| PROBLEM DETAILS |
All lines holding the string "both" should be copied from the data below.

[[ MATERIALS PROVIDED, beginning ]]

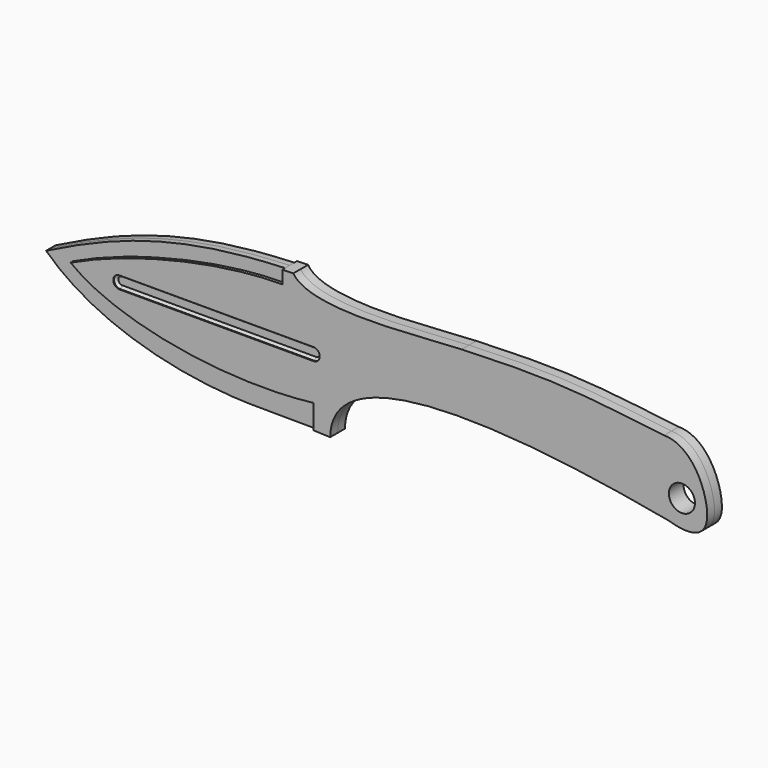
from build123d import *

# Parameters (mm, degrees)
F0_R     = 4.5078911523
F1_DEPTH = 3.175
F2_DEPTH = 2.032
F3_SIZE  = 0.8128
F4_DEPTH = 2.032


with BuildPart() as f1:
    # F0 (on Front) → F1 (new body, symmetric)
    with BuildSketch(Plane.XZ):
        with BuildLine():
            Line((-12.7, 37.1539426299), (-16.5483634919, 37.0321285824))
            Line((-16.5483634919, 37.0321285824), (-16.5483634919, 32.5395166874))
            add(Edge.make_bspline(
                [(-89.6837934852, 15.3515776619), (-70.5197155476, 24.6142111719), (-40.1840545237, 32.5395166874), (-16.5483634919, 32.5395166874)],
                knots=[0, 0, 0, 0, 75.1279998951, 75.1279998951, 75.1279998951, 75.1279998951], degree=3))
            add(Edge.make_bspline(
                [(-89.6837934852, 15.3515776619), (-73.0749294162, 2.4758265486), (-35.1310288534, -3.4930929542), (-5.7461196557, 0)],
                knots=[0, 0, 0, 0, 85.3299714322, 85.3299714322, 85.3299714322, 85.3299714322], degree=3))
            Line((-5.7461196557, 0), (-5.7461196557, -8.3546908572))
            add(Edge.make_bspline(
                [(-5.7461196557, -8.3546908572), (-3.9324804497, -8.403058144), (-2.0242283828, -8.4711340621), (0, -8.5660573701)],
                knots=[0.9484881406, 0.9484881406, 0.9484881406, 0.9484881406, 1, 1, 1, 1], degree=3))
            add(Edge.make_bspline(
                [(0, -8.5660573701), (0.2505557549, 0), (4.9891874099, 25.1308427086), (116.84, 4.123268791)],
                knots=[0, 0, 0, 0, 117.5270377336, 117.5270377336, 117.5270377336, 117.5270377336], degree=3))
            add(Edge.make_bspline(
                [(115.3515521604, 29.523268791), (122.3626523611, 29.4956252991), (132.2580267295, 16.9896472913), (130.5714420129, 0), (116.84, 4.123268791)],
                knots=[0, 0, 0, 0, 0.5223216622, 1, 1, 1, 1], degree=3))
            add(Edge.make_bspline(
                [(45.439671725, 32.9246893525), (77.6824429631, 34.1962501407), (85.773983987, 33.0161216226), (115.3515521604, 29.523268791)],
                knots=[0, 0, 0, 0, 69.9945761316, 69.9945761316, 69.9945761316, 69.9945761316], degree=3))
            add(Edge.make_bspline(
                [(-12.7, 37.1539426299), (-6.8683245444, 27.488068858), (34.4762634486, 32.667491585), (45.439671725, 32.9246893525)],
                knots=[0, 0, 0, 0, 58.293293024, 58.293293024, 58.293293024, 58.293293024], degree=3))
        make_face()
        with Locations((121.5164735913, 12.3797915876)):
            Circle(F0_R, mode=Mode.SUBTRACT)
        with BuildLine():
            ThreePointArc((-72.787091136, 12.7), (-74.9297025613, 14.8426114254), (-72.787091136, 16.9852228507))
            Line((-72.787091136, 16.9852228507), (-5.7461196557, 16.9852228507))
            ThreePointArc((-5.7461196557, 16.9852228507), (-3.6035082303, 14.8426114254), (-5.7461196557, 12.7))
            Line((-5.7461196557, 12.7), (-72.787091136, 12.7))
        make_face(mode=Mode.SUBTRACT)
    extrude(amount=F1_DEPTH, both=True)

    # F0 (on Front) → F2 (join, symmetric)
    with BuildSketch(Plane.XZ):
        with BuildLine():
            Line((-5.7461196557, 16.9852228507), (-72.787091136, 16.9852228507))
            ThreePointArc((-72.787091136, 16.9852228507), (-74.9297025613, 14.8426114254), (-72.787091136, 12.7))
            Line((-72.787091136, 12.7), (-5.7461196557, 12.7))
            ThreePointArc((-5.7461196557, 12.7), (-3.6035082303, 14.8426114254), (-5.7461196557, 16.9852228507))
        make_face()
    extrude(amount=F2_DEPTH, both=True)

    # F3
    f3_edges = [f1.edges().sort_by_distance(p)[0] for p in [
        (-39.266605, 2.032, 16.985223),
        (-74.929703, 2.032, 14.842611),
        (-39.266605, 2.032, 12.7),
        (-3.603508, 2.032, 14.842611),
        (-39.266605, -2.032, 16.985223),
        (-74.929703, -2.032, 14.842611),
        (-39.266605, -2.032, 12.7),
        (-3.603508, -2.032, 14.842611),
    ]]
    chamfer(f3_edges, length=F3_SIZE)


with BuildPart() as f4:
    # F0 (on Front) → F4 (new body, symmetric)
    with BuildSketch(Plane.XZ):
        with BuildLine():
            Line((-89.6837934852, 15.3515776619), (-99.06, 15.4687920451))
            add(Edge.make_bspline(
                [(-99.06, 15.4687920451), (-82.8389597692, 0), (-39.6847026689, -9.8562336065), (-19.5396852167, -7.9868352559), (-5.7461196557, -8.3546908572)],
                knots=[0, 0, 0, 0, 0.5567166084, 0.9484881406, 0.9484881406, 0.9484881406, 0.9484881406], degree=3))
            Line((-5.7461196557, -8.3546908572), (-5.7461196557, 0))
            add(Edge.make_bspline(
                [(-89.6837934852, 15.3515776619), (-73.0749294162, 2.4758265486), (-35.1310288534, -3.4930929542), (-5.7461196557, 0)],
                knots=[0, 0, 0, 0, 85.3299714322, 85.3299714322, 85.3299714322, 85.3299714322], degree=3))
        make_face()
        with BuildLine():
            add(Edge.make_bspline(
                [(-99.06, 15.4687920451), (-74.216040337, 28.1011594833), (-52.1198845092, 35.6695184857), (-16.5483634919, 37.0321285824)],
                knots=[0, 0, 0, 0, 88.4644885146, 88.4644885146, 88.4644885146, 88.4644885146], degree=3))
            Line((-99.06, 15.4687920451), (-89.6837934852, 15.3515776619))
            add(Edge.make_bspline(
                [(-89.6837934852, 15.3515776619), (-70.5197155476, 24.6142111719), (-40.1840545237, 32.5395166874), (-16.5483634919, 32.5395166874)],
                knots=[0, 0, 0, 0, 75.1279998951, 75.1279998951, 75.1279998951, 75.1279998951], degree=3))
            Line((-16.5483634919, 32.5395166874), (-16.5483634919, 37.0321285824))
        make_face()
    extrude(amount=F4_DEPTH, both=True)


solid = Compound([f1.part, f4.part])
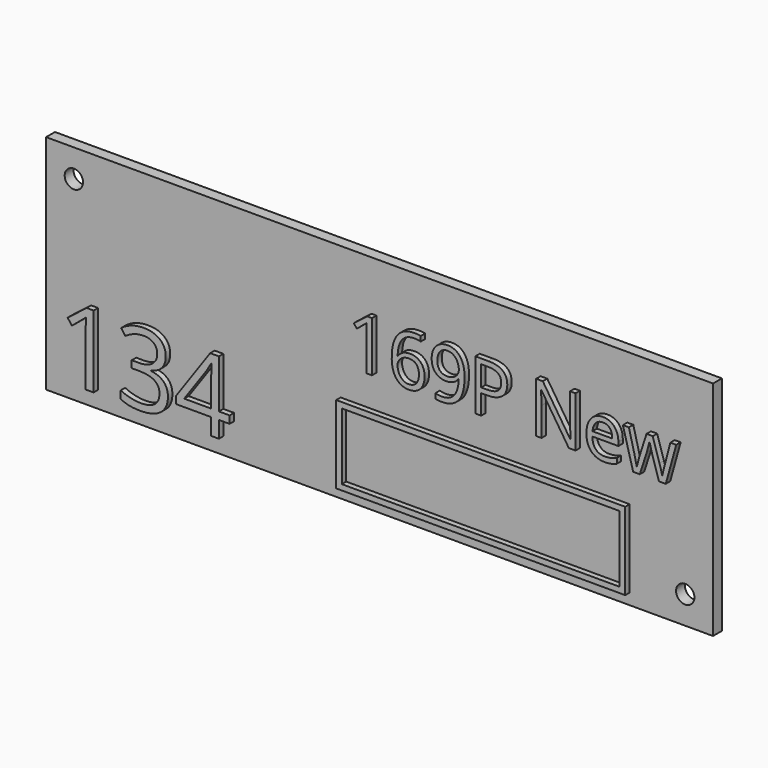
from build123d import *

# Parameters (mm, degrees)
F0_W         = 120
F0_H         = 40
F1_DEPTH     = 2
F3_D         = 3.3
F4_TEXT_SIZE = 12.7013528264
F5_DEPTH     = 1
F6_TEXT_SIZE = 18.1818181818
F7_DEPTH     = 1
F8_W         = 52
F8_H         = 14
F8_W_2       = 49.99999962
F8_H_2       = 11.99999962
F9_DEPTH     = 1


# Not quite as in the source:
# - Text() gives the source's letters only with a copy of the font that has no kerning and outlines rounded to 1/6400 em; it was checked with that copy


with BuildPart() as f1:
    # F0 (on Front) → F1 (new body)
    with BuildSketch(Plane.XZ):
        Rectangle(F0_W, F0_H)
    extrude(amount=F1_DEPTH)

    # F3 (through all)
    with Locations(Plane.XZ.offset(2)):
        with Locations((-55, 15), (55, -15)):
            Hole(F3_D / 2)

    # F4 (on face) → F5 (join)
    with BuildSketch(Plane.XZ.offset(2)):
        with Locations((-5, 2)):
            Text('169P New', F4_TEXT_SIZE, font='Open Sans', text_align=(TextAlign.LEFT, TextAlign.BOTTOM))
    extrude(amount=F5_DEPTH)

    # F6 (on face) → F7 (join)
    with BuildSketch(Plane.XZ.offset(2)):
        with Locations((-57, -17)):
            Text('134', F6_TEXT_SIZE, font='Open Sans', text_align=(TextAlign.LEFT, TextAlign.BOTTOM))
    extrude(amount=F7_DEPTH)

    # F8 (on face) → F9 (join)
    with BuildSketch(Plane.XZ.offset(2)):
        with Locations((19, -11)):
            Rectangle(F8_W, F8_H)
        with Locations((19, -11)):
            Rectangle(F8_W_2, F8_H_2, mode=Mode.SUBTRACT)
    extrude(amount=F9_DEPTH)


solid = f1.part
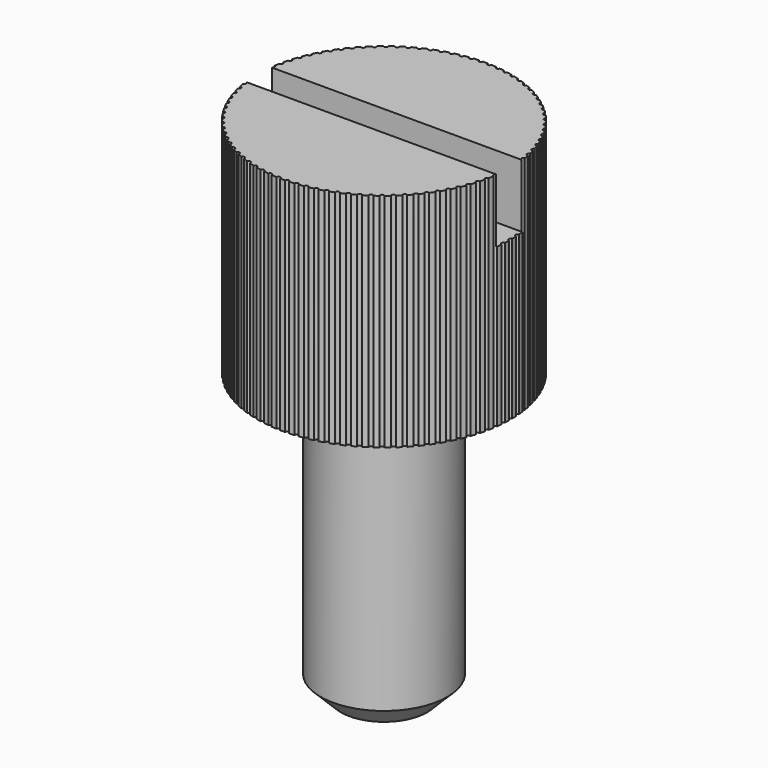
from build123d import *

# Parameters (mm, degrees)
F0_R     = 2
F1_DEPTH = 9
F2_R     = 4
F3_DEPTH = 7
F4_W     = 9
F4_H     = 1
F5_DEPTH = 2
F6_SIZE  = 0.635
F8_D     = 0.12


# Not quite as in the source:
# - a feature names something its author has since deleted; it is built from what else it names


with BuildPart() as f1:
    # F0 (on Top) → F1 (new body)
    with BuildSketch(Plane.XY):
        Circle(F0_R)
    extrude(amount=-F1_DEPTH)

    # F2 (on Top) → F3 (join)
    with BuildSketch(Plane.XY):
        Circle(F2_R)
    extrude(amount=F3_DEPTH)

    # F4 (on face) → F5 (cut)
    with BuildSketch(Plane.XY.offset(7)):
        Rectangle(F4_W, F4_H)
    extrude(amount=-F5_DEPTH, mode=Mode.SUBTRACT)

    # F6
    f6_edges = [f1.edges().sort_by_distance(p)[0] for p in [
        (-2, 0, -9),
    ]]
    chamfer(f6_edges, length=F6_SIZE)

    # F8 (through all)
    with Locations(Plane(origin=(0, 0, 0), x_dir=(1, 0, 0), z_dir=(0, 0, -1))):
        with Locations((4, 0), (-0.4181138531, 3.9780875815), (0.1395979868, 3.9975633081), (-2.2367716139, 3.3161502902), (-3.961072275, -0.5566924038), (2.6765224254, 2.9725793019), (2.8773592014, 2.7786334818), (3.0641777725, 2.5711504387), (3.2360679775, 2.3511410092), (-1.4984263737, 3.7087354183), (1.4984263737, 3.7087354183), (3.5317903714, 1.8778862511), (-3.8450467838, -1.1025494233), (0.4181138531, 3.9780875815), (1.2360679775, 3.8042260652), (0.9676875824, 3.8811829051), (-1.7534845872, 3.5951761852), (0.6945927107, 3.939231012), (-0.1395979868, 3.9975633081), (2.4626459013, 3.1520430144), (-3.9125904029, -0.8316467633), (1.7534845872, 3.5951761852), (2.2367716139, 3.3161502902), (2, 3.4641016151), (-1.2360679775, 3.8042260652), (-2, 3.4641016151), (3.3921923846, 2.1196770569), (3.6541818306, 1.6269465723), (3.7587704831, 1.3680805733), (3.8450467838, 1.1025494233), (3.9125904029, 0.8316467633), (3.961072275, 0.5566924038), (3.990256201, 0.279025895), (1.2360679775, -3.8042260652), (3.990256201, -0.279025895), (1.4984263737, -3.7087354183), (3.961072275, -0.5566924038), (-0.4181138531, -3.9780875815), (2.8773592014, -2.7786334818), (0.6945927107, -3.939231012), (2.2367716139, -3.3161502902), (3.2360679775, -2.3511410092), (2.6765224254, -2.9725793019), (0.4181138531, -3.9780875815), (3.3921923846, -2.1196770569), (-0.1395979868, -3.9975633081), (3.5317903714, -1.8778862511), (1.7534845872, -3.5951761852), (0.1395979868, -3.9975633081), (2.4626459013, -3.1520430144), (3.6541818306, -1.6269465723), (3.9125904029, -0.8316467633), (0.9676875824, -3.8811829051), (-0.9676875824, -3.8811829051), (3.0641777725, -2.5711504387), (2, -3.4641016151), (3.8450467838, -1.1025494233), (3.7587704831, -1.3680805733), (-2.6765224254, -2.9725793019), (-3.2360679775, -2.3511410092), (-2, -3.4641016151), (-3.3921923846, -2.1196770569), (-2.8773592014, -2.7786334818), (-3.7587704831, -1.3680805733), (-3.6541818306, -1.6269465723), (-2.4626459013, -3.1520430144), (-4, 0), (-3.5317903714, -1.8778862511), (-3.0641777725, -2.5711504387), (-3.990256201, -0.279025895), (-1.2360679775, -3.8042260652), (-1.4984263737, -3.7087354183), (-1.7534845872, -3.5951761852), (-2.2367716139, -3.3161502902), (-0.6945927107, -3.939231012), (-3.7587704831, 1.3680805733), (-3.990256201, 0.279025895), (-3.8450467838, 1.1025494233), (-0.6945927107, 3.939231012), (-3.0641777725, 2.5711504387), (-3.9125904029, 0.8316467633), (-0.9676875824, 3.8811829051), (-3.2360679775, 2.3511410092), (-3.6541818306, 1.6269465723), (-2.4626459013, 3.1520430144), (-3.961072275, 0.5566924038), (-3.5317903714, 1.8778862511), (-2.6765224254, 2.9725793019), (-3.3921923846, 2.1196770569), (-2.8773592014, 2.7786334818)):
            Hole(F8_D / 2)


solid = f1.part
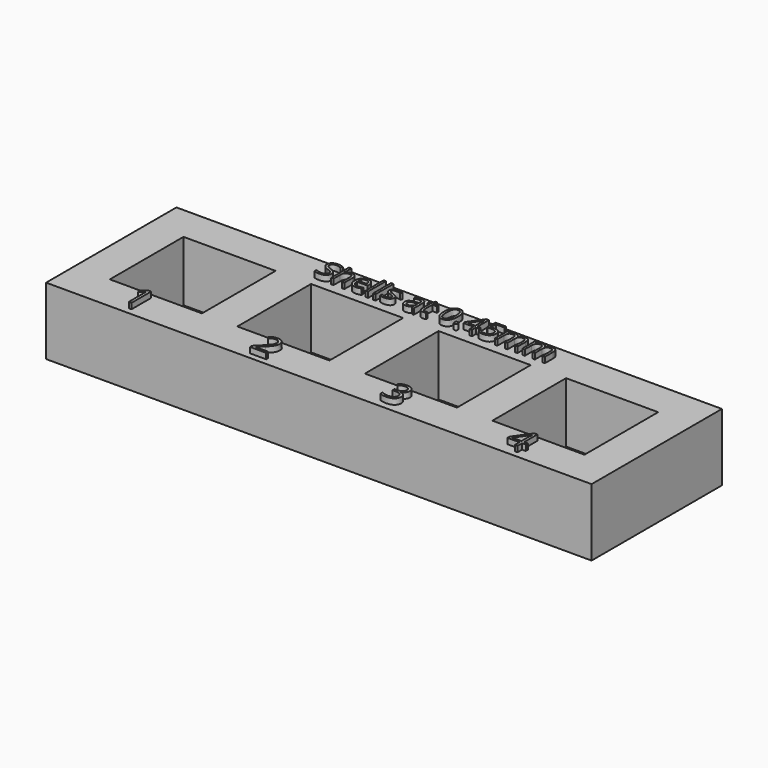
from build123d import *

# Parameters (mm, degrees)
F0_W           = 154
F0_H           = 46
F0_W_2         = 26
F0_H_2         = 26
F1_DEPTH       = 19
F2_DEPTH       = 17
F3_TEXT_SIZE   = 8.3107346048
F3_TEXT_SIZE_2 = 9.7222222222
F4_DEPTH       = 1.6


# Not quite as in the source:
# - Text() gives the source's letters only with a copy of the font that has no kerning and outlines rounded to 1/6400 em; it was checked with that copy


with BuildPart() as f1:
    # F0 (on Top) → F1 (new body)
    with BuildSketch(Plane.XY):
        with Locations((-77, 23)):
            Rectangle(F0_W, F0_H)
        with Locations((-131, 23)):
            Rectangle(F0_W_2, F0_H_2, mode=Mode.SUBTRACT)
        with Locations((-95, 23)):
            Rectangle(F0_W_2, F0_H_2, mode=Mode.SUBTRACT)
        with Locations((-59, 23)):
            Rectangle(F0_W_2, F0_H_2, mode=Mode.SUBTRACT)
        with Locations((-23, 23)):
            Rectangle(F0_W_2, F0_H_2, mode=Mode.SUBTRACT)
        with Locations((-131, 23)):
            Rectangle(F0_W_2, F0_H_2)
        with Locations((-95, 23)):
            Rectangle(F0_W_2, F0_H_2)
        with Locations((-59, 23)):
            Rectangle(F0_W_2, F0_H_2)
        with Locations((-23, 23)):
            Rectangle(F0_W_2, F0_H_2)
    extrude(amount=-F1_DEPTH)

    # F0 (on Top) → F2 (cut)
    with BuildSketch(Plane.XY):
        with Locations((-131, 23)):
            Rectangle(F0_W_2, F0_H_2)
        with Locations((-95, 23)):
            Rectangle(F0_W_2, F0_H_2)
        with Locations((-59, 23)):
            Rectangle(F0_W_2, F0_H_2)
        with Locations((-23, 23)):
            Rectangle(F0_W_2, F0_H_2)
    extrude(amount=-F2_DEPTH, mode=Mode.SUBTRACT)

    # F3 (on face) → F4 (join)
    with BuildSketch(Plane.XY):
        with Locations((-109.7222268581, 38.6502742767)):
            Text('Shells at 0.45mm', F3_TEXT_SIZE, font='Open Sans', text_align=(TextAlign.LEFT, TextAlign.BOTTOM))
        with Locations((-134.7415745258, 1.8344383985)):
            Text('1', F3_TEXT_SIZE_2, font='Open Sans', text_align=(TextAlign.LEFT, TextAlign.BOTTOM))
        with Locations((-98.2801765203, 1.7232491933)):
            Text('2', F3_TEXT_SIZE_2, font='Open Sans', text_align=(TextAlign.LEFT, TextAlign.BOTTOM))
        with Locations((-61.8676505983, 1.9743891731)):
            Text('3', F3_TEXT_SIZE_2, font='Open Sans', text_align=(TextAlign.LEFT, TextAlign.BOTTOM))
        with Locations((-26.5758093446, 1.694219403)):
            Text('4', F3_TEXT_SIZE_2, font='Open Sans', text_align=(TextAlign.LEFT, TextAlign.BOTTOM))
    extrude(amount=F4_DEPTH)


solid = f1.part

[[ MATERIALS PROVIDED, end ]]

| ANSWER TO THE PROBLEM |
    extrude(amount=F1_DEPTH, both=True)
    extrude(amount=F2_DEPTH, both=True)
    extrude(amount=F4_DEPTH, both=True)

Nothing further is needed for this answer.